CPU limitations relative to IO became a much bigger issue again with 10Gbps+ net...

JoeSamoa · on July 3, 2019

Any must reads for getting into kernel optimization? I'd like to be able to diagnose performance issues better and you seem to know the flow very well. Any advice on material to read or places to hang around would be appreciated!

vidarh · on July 4, 2019

Specifically kernel optimization isn't really my area. I've mostly approached it from the userspace side in that I've worked a lot on optimizing apps that often turn out to abuse syscalls.

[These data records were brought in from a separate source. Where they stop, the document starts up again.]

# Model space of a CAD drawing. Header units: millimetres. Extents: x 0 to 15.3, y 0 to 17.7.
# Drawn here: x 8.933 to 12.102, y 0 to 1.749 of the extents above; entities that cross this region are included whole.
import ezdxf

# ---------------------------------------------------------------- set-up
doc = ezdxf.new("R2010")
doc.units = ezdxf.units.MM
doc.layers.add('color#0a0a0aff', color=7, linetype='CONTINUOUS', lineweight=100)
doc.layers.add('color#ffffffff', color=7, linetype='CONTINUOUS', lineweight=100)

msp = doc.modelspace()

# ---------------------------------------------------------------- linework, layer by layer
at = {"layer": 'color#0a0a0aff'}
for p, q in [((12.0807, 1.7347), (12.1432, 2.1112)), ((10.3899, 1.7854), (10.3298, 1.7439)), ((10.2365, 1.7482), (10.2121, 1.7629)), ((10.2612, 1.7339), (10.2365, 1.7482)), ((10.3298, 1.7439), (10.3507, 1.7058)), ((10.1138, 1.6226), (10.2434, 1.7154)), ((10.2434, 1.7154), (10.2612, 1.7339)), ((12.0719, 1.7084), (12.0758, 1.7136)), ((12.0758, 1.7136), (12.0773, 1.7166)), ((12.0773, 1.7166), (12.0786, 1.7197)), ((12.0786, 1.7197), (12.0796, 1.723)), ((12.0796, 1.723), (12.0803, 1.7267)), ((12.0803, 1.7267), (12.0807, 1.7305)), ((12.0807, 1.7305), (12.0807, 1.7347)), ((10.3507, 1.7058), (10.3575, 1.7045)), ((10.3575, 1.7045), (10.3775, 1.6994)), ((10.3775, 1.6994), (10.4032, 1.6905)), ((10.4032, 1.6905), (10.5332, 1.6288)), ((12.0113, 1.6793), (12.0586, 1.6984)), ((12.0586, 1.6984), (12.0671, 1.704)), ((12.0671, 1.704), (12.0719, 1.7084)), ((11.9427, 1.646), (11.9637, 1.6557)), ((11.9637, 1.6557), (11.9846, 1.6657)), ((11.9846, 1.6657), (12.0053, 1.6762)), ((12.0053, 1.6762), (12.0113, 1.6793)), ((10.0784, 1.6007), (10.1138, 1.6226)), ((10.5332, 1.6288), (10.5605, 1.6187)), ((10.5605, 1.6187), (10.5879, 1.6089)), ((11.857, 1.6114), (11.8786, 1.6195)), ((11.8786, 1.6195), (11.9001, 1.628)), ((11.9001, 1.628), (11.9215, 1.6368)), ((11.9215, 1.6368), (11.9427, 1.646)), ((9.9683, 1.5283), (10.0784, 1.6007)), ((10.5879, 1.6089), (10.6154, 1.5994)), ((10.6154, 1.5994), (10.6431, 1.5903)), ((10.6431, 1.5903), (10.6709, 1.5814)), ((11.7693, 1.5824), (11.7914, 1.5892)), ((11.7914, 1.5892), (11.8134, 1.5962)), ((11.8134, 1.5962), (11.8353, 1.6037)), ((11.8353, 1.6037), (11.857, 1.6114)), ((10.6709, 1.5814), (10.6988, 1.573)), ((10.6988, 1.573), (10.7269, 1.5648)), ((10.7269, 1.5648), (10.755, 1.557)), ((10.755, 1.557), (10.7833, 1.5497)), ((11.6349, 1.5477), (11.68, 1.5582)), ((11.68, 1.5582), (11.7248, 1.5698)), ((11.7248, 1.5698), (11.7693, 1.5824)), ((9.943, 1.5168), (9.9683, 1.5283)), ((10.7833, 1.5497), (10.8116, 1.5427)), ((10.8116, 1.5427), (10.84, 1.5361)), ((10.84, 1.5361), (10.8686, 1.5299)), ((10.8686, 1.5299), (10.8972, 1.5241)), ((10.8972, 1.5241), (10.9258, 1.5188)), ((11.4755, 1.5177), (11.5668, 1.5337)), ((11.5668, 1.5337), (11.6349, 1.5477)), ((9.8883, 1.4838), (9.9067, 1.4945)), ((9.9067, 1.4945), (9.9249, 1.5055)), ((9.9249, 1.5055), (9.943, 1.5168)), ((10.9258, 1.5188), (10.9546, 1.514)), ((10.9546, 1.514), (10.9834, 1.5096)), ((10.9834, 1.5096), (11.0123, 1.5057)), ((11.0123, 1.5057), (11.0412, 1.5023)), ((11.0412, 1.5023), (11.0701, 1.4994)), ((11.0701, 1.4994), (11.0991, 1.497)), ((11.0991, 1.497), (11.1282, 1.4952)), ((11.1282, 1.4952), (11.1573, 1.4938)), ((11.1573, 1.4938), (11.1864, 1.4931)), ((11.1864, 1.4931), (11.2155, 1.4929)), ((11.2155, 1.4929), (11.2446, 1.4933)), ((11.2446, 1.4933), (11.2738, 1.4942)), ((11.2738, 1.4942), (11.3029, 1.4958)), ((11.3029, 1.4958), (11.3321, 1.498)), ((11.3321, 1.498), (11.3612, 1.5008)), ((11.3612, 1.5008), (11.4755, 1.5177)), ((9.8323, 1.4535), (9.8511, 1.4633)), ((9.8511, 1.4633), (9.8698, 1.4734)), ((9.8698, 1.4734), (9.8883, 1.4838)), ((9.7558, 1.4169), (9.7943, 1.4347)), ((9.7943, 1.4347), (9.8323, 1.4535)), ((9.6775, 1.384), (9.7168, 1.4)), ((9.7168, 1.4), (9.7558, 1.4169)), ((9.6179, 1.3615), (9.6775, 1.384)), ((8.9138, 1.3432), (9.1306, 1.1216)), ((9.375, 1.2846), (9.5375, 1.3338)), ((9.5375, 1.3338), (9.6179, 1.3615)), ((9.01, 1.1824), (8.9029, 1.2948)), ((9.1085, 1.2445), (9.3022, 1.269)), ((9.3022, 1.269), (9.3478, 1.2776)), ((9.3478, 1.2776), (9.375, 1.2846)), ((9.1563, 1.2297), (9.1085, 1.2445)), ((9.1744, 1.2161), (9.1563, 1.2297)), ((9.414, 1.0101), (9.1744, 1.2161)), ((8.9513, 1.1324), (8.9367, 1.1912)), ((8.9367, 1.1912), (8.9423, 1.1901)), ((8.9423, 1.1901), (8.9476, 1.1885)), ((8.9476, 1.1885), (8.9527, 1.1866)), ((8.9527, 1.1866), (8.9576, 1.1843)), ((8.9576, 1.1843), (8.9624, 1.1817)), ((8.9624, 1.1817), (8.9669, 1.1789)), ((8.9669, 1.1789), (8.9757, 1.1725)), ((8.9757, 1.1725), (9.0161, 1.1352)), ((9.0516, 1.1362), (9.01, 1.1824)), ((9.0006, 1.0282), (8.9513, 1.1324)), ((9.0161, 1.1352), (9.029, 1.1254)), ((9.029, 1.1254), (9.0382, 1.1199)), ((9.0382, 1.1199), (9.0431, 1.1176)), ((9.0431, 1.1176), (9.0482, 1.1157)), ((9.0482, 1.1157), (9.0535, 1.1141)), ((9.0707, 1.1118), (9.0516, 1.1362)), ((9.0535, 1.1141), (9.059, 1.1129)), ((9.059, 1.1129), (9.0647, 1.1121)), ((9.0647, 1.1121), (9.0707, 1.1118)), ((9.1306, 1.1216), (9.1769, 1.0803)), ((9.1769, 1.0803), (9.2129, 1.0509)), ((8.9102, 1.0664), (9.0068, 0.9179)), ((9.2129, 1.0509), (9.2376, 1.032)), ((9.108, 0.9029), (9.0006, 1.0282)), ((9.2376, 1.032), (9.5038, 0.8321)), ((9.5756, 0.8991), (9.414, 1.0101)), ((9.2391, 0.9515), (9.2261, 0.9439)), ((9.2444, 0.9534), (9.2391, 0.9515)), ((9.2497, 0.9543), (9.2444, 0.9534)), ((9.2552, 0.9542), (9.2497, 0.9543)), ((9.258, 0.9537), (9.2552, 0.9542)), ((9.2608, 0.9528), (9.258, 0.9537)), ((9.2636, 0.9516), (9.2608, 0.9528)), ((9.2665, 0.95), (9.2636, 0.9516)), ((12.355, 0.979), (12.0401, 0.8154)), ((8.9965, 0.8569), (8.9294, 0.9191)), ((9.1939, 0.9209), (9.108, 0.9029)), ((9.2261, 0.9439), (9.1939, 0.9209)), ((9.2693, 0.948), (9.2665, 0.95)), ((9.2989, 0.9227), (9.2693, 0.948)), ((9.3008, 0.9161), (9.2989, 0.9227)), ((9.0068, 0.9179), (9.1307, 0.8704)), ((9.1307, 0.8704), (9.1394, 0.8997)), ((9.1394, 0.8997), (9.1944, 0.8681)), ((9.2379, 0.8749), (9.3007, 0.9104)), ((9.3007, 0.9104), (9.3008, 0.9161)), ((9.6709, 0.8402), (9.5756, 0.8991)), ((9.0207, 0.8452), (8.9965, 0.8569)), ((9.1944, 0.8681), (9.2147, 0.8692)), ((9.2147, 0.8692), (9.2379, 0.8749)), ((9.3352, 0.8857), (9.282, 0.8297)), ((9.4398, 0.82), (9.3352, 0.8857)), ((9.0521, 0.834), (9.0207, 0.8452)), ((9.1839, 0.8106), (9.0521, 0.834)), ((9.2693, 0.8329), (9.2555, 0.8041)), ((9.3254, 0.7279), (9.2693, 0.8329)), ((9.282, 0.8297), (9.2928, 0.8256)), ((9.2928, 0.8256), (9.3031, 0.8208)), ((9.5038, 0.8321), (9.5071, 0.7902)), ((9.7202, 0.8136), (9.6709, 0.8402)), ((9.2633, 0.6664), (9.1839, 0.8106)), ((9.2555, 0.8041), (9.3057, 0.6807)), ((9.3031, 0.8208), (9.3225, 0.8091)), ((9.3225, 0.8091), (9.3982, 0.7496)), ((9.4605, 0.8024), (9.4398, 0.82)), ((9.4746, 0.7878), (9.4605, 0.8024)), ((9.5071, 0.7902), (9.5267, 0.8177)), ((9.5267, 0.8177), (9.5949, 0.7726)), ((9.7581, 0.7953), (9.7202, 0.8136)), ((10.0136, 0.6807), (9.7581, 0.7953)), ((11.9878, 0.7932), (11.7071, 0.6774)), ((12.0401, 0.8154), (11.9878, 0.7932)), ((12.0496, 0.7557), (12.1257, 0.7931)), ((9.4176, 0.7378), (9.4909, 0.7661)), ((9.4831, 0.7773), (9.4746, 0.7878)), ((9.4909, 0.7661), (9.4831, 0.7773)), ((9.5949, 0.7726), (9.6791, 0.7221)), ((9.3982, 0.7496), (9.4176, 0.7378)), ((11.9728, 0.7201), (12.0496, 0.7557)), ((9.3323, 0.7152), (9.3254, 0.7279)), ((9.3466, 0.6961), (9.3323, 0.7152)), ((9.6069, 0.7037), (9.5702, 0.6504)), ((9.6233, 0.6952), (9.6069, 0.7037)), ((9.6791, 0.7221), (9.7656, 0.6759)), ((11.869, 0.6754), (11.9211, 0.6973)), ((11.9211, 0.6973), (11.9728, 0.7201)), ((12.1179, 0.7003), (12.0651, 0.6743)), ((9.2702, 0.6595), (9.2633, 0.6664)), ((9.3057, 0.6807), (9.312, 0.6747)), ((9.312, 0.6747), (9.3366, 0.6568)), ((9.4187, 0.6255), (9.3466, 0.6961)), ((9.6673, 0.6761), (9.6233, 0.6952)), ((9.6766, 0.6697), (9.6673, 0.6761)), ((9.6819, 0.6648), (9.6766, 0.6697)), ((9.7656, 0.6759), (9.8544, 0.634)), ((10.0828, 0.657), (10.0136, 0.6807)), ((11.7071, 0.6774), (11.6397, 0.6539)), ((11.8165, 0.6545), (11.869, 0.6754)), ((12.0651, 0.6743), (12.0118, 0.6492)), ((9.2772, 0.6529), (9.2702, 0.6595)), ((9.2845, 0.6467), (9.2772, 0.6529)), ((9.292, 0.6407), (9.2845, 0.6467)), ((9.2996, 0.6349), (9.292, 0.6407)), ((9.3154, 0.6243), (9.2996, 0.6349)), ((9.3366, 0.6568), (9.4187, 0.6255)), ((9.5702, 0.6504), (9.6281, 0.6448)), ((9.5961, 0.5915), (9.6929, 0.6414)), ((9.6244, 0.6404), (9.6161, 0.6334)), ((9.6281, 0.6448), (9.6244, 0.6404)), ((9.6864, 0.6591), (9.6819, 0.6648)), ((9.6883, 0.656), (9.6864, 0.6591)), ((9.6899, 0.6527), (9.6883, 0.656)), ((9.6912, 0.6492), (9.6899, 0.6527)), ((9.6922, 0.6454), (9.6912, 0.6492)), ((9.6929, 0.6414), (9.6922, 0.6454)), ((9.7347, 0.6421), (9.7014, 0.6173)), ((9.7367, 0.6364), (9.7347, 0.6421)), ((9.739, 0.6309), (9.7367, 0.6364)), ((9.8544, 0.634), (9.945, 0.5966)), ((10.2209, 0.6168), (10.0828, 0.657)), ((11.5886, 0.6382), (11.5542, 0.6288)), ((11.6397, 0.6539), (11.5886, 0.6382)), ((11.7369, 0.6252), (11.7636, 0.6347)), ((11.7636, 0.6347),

From that side, I'd say looking at tracing tools like systrace is worthwhile. But also just place strace (system calls) and ltrace (dynamic library calls). "strace -c -p [pid]", wait a bit and then ctrl-c, or just "strace -p [pid]" for a running process on Linux (or drop the "-p" and add the command you want to trace) is hugely illuminating and will often tell you a lot of things about the code you're running.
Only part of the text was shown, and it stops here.